Source data »

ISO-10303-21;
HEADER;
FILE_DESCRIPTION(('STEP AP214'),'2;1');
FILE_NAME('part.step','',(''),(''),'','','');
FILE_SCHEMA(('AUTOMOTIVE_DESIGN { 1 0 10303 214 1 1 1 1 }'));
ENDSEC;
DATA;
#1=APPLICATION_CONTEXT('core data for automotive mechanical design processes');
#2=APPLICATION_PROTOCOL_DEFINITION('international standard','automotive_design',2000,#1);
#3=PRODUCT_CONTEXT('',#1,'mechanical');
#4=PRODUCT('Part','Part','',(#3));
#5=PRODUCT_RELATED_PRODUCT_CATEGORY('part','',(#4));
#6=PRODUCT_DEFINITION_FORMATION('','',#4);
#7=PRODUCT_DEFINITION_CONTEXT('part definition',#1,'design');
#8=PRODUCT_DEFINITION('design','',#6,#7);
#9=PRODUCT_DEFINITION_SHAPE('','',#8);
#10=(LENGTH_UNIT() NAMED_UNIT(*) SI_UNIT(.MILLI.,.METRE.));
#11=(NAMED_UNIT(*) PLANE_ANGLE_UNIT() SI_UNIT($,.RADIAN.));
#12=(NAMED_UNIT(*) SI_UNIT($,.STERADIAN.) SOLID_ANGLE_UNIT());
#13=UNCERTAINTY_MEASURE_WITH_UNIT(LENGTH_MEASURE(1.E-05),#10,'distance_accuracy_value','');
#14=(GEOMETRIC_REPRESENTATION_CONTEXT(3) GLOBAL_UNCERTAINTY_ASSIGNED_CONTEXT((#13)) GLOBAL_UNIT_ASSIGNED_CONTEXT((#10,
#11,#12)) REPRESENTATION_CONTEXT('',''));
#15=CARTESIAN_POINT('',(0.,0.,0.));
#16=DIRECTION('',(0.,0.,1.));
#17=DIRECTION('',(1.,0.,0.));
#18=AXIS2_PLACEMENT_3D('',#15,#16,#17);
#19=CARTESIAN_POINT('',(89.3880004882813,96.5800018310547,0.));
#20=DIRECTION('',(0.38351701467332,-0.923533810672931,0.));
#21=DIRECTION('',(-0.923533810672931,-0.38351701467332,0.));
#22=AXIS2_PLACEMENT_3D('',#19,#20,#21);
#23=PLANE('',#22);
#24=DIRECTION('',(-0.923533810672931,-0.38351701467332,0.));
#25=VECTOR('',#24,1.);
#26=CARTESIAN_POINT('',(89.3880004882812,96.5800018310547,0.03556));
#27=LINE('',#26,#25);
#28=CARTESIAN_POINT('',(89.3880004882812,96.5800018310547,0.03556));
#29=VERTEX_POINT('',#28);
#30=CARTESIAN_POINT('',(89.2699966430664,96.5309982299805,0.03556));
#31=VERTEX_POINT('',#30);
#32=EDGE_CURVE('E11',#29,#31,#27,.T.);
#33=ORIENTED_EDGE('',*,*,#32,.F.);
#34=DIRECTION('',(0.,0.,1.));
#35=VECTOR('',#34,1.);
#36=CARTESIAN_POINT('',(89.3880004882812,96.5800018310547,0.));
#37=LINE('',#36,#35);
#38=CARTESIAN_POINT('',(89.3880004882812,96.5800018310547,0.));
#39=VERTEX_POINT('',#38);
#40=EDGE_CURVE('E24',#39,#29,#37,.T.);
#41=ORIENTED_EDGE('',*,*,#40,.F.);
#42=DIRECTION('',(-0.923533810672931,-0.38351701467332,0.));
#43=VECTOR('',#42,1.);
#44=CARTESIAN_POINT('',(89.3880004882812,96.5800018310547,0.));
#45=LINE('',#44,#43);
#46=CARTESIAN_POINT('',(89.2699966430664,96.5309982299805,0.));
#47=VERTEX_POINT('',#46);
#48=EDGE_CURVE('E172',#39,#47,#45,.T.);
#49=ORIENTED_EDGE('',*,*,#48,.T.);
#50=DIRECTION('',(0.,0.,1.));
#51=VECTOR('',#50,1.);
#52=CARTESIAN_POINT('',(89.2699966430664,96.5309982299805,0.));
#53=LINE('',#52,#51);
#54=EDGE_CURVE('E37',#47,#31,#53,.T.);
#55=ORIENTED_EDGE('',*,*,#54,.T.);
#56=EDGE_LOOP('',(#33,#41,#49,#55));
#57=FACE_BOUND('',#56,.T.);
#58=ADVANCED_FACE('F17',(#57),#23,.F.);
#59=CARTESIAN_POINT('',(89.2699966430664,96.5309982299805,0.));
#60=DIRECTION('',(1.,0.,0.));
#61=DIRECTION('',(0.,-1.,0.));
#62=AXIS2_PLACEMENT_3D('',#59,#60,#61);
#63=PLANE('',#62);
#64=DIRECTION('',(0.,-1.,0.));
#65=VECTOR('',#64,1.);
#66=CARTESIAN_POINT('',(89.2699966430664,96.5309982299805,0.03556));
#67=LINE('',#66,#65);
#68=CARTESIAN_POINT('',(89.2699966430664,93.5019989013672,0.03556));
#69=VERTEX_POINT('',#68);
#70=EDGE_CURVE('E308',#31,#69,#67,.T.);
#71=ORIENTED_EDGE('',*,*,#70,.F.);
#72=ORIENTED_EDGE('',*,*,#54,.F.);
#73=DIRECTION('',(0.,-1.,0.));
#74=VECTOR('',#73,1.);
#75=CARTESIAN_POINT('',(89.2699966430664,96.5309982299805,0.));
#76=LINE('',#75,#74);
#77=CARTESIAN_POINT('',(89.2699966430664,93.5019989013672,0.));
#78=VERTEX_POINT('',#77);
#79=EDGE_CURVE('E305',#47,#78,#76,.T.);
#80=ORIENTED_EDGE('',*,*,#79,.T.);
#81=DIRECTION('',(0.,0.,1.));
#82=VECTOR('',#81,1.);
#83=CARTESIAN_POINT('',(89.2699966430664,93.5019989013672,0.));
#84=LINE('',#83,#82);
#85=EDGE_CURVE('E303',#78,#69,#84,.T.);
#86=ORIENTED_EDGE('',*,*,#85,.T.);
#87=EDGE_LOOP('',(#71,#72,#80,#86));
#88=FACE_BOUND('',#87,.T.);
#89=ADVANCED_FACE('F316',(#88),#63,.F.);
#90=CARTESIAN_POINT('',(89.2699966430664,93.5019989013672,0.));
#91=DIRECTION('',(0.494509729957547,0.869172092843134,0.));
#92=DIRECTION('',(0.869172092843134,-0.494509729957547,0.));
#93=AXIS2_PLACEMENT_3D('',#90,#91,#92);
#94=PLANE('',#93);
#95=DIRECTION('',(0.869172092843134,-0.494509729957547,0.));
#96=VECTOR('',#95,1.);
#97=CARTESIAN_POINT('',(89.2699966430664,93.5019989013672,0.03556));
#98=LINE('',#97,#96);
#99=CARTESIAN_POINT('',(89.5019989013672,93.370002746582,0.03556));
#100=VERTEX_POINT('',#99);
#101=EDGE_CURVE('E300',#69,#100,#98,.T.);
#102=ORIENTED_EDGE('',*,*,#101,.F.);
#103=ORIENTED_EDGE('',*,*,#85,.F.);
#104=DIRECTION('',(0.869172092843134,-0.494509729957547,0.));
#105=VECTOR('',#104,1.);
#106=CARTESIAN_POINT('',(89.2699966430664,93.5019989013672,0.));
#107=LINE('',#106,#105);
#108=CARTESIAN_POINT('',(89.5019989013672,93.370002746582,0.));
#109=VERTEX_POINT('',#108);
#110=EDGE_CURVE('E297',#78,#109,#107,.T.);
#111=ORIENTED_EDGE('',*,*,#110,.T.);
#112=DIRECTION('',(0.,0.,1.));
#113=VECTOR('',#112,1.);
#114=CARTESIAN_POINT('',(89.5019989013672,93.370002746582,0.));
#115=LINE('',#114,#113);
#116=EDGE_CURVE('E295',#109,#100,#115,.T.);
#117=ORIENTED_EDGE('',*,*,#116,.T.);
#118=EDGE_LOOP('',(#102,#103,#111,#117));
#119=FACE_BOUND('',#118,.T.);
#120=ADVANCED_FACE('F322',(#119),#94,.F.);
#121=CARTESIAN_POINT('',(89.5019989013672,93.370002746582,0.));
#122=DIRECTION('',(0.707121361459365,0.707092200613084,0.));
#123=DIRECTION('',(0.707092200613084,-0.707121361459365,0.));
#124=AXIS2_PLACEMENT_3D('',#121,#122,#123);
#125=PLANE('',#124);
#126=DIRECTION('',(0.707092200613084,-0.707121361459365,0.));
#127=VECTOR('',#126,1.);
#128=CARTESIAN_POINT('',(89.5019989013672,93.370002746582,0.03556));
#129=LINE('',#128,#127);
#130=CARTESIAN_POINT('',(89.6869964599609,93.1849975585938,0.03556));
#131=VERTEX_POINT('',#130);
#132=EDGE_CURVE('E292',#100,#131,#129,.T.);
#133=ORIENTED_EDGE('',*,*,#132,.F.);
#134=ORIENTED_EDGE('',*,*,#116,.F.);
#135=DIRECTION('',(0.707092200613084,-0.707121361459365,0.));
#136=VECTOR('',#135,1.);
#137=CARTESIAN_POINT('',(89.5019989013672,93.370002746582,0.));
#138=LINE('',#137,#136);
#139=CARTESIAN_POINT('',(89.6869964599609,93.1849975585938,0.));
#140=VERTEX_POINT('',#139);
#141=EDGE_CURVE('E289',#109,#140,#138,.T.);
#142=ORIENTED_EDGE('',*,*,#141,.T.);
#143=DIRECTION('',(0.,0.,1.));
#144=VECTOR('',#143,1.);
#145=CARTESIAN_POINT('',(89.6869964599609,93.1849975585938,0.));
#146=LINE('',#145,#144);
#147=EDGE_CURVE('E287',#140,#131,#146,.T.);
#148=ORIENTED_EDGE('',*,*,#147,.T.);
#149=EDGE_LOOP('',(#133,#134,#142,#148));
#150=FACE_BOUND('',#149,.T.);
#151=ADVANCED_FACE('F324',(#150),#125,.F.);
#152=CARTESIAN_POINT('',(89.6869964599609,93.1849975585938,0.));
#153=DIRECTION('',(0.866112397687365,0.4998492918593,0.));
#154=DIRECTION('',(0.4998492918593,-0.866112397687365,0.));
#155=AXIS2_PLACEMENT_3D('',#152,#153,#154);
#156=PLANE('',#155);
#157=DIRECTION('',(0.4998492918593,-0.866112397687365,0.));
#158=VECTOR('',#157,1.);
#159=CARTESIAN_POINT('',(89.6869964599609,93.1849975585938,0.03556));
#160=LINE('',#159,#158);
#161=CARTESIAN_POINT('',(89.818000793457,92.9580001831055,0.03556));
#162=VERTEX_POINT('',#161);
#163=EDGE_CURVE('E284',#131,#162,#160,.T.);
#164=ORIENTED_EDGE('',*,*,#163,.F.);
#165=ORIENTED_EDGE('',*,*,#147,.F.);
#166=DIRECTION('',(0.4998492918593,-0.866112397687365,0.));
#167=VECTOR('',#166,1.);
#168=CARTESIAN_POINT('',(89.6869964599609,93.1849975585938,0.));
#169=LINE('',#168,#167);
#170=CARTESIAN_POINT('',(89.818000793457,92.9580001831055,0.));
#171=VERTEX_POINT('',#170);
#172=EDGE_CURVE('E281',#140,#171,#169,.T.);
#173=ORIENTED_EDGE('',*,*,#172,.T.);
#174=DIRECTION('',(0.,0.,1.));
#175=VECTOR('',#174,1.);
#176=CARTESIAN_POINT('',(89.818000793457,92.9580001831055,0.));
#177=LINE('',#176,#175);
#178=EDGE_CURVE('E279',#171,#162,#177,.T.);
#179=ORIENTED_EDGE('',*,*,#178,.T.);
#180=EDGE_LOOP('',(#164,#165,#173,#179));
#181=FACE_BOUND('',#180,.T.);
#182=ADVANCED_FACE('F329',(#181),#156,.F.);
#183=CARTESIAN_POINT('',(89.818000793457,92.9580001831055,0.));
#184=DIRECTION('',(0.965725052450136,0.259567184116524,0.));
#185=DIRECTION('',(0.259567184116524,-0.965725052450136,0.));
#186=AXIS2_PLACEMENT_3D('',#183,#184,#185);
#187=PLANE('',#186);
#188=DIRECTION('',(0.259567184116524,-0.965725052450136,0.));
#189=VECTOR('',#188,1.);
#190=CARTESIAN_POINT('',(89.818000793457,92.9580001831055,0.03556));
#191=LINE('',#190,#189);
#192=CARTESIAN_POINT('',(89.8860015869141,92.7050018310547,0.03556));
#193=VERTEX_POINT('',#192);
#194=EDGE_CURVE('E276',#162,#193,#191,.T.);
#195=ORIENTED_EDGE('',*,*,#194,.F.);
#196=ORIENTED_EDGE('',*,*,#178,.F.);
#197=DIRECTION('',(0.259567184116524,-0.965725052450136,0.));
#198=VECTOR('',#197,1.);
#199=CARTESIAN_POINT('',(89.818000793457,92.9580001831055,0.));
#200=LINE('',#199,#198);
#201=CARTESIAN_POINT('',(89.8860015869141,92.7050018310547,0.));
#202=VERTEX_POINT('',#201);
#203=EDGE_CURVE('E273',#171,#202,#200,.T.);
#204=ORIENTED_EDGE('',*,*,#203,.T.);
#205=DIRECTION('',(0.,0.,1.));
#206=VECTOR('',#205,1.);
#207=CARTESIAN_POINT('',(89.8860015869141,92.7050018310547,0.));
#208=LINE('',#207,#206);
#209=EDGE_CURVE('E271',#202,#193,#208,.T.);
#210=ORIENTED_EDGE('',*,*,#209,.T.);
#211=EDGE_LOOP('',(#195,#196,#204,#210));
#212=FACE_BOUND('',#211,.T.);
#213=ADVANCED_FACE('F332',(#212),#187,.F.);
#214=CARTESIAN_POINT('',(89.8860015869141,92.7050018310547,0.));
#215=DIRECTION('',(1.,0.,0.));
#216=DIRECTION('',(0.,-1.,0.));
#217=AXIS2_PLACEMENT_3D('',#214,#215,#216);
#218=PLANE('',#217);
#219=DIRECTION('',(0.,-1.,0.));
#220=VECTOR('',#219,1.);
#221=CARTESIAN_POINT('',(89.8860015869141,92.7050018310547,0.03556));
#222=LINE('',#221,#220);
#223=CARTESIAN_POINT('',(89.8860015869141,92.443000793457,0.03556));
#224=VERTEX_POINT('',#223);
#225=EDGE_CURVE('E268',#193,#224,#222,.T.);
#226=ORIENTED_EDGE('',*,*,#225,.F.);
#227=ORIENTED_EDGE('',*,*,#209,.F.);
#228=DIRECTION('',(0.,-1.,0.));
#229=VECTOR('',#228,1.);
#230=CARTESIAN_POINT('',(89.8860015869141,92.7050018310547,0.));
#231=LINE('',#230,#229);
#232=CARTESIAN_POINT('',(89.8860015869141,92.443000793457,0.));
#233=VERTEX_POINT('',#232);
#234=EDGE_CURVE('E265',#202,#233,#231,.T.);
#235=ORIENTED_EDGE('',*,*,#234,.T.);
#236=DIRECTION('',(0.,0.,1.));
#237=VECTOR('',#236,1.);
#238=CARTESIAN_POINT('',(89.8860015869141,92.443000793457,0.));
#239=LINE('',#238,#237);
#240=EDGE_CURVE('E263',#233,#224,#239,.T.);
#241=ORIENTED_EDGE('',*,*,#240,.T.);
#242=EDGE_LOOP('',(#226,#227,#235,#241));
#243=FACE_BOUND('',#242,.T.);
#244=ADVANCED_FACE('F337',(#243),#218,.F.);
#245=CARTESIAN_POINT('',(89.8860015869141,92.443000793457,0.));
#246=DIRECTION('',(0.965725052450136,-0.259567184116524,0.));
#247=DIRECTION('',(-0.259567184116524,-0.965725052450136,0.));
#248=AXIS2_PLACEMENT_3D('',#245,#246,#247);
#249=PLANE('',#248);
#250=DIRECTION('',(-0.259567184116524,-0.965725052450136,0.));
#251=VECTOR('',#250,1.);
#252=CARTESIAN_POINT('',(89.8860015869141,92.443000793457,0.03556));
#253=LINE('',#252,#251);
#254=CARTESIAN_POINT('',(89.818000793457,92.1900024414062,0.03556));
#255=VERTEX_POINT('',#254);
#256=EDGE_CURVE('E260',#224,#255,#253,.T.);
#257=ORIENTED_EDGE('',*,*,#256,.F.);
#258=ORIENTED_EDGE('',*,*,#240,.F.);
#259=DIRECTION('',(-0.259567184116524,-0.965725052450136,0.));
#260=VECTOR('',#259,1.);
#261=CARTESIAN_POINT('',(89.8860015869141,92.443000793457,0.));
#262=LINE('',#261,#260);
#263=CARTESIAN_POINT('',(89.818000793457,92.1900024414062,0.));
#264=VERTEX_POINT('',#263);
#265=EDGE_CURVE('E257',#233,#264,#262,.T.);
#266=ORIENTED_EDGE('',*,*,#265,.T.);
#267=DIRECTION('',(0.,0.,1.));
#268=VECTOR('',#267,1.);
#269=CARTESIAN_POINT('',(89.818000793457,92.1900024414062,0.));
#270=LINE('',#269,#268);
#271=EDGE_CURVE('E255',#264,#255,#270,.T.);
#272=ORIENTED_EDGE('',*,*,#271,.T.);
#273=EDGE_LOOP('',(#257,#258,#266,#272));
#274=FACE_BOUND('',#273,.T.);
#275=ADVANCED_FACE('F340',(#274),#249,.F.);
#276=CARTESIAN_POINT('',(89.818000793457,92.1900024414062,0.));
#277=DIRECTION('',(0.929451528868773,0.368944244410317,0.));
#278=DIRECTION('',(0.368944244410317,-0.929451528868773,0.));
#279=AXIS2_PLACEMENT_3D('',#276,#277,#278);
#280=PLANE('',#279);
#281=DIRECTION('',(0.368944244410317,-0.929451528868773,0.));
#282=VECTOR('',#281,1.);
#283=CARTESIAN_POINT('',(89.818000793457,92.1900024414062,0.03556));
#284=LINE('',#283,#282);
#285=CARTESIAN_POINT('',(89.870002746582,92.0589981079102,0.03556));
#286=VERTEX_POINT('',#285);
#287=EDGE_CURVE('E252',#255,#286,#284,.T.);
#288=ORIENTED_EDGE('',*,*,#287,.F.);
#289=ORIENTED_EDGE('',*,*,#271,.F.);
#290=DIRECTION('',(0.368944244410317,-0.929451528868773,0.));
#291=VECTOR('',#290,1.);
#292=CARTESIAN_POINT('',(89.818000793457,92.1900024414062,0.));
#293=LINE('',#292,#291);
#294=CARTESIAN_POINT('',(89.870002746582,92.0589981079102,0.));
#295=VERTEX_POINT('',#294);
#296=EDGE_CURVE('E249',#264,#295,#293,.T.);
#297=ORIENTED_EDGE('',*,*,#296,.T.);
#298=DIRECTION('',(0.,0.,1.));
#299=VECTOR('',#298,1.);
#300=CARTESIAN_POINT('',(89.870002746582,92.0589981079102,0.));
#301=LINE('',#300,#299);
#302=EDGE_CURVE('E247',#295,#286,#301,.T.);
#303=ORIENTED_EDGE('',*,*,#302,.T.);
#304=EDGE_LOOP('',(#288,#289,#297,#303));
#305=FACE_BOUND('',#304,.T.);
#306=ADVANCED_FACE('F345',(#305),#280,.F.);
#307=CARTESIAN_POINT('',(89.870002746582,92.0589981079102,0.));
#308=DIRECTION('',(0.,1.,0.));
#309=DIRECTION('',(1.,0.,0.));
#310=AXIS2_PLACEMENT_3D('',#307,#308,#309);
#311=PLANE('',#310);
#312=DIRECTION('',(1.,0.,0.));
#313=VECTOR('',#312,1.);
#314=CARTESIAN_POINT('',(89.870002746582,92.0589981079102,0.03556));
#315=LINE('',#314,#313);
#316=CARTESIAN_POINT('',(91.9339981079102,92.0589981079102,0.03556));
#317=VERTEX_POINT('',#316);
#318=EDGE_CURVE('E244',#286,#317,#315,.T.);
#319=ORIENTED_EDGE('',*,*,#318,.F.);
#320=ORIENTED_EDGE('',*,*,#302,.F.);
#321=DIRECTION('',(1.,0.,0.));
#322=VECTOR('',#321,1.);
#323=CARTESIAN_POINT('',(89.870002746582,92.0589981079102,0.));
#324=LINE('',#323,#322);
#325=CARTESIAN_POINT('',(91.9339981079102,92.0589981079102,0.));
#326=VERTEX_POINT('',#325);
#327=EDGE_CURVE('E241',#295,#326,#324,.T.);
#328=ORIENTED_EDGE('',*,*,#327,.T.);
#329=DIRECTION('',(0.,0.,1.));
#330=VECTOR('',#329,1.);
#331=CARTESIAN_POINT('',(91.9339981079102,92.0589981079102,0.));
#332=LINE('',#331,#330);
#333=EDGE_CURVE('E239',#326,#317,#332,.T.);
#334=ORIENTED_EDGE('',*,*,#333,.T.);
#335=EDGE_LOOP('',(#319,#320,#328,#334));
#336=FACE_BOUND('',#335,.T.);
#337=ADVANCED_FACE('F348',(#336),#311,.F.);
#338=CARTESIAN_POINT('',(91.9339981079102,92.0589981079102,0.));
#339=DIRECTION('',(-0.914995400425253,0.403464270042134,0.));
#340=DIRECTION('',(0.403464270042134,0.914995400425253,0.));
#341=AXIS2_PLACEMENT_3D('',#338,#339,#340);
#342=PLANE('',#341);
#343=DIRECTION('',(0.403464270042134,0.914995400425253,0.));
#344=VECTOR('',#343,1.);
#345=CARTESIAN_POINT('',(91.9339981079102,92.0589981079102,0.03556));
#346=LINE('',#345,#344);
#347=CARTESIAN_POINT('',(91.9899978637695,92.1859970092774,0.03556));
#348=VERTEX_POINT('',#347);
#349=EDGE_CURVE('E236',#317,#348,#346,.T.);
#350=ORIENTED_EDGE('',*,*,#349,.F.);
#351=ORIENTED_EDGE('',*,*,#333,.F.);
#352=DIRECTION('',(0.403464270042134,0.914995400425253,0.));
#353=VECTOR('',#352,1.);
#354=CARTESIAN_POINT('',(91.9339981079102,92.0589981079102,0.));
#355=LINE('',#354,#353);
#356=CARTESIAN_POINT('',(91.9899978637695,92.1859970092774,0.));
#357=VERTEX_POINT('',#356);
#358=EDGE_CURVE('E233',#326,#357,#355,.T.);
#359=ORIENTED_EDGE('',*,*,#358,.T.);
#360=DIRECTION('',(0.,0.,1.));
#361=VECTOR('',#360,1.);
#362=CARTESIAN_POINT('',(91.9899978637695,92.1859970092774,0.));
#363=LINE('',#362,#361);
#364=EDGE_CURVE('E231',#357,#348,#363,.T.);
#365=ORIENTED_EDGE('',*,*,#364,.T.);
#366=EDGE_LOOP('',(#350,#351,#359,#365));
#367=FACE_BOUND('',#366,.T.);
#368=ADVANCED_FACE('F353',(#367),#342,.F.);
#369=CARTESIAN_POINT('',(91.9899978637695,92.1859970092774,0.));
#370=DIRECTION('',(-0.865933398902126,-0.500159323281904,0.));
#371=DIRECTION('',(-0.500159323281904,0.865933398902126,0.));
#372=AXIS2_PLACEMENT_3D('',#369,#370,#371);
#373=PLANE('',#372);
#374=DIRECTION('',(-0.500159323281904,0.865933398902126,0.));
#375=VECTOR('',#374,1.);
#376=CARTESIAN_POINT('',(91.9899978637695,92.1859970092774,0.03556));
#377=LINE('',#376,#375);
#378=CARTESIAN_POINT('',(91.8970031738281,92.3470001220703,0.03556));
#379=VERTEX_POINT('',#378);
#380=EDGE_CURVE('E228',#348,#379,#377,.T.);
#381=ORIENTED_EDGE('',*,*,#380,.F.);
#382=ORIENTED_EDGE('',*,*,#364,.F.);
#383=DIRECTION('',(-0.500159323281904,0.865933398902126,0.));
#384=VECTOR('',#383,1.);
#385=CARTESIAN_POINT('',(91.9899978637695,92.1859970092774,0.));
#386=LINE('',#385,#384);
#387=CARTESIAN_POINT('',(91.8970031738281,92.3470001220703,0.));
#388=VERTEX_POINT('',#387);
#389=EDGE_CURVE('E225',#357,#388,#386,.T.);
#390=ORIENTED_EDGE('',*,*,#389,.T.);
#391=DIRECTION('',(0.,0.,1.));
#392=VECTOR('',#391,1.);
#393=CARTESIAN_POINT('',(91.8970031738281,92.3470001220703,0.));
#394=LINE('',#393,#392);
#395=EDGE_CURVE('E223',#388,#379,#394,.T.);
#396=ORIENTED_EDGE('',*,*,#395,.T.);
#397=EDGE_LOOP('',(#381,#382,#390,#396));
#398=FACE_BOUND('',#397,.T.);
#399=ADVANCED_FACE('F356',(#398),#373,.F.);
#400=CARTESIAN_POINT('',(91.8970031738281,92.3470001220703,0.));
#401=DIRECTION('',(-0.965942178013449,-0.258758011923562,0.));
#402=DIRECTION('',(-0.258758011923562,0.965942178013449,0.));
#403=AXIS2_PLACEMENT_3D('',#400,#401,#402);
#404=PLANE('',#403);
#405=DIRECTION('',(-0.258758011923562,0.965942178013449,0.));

TASK DIRECTIONS »
Every line above that has the string "mechanical" needs to be copied.

WORKED SOLUTION »
#1=APPLICATION_CONTEXT('core data for automotive mechanical design processes');
#3=PRODUCT_CONTEXT('',#1,'mechanical');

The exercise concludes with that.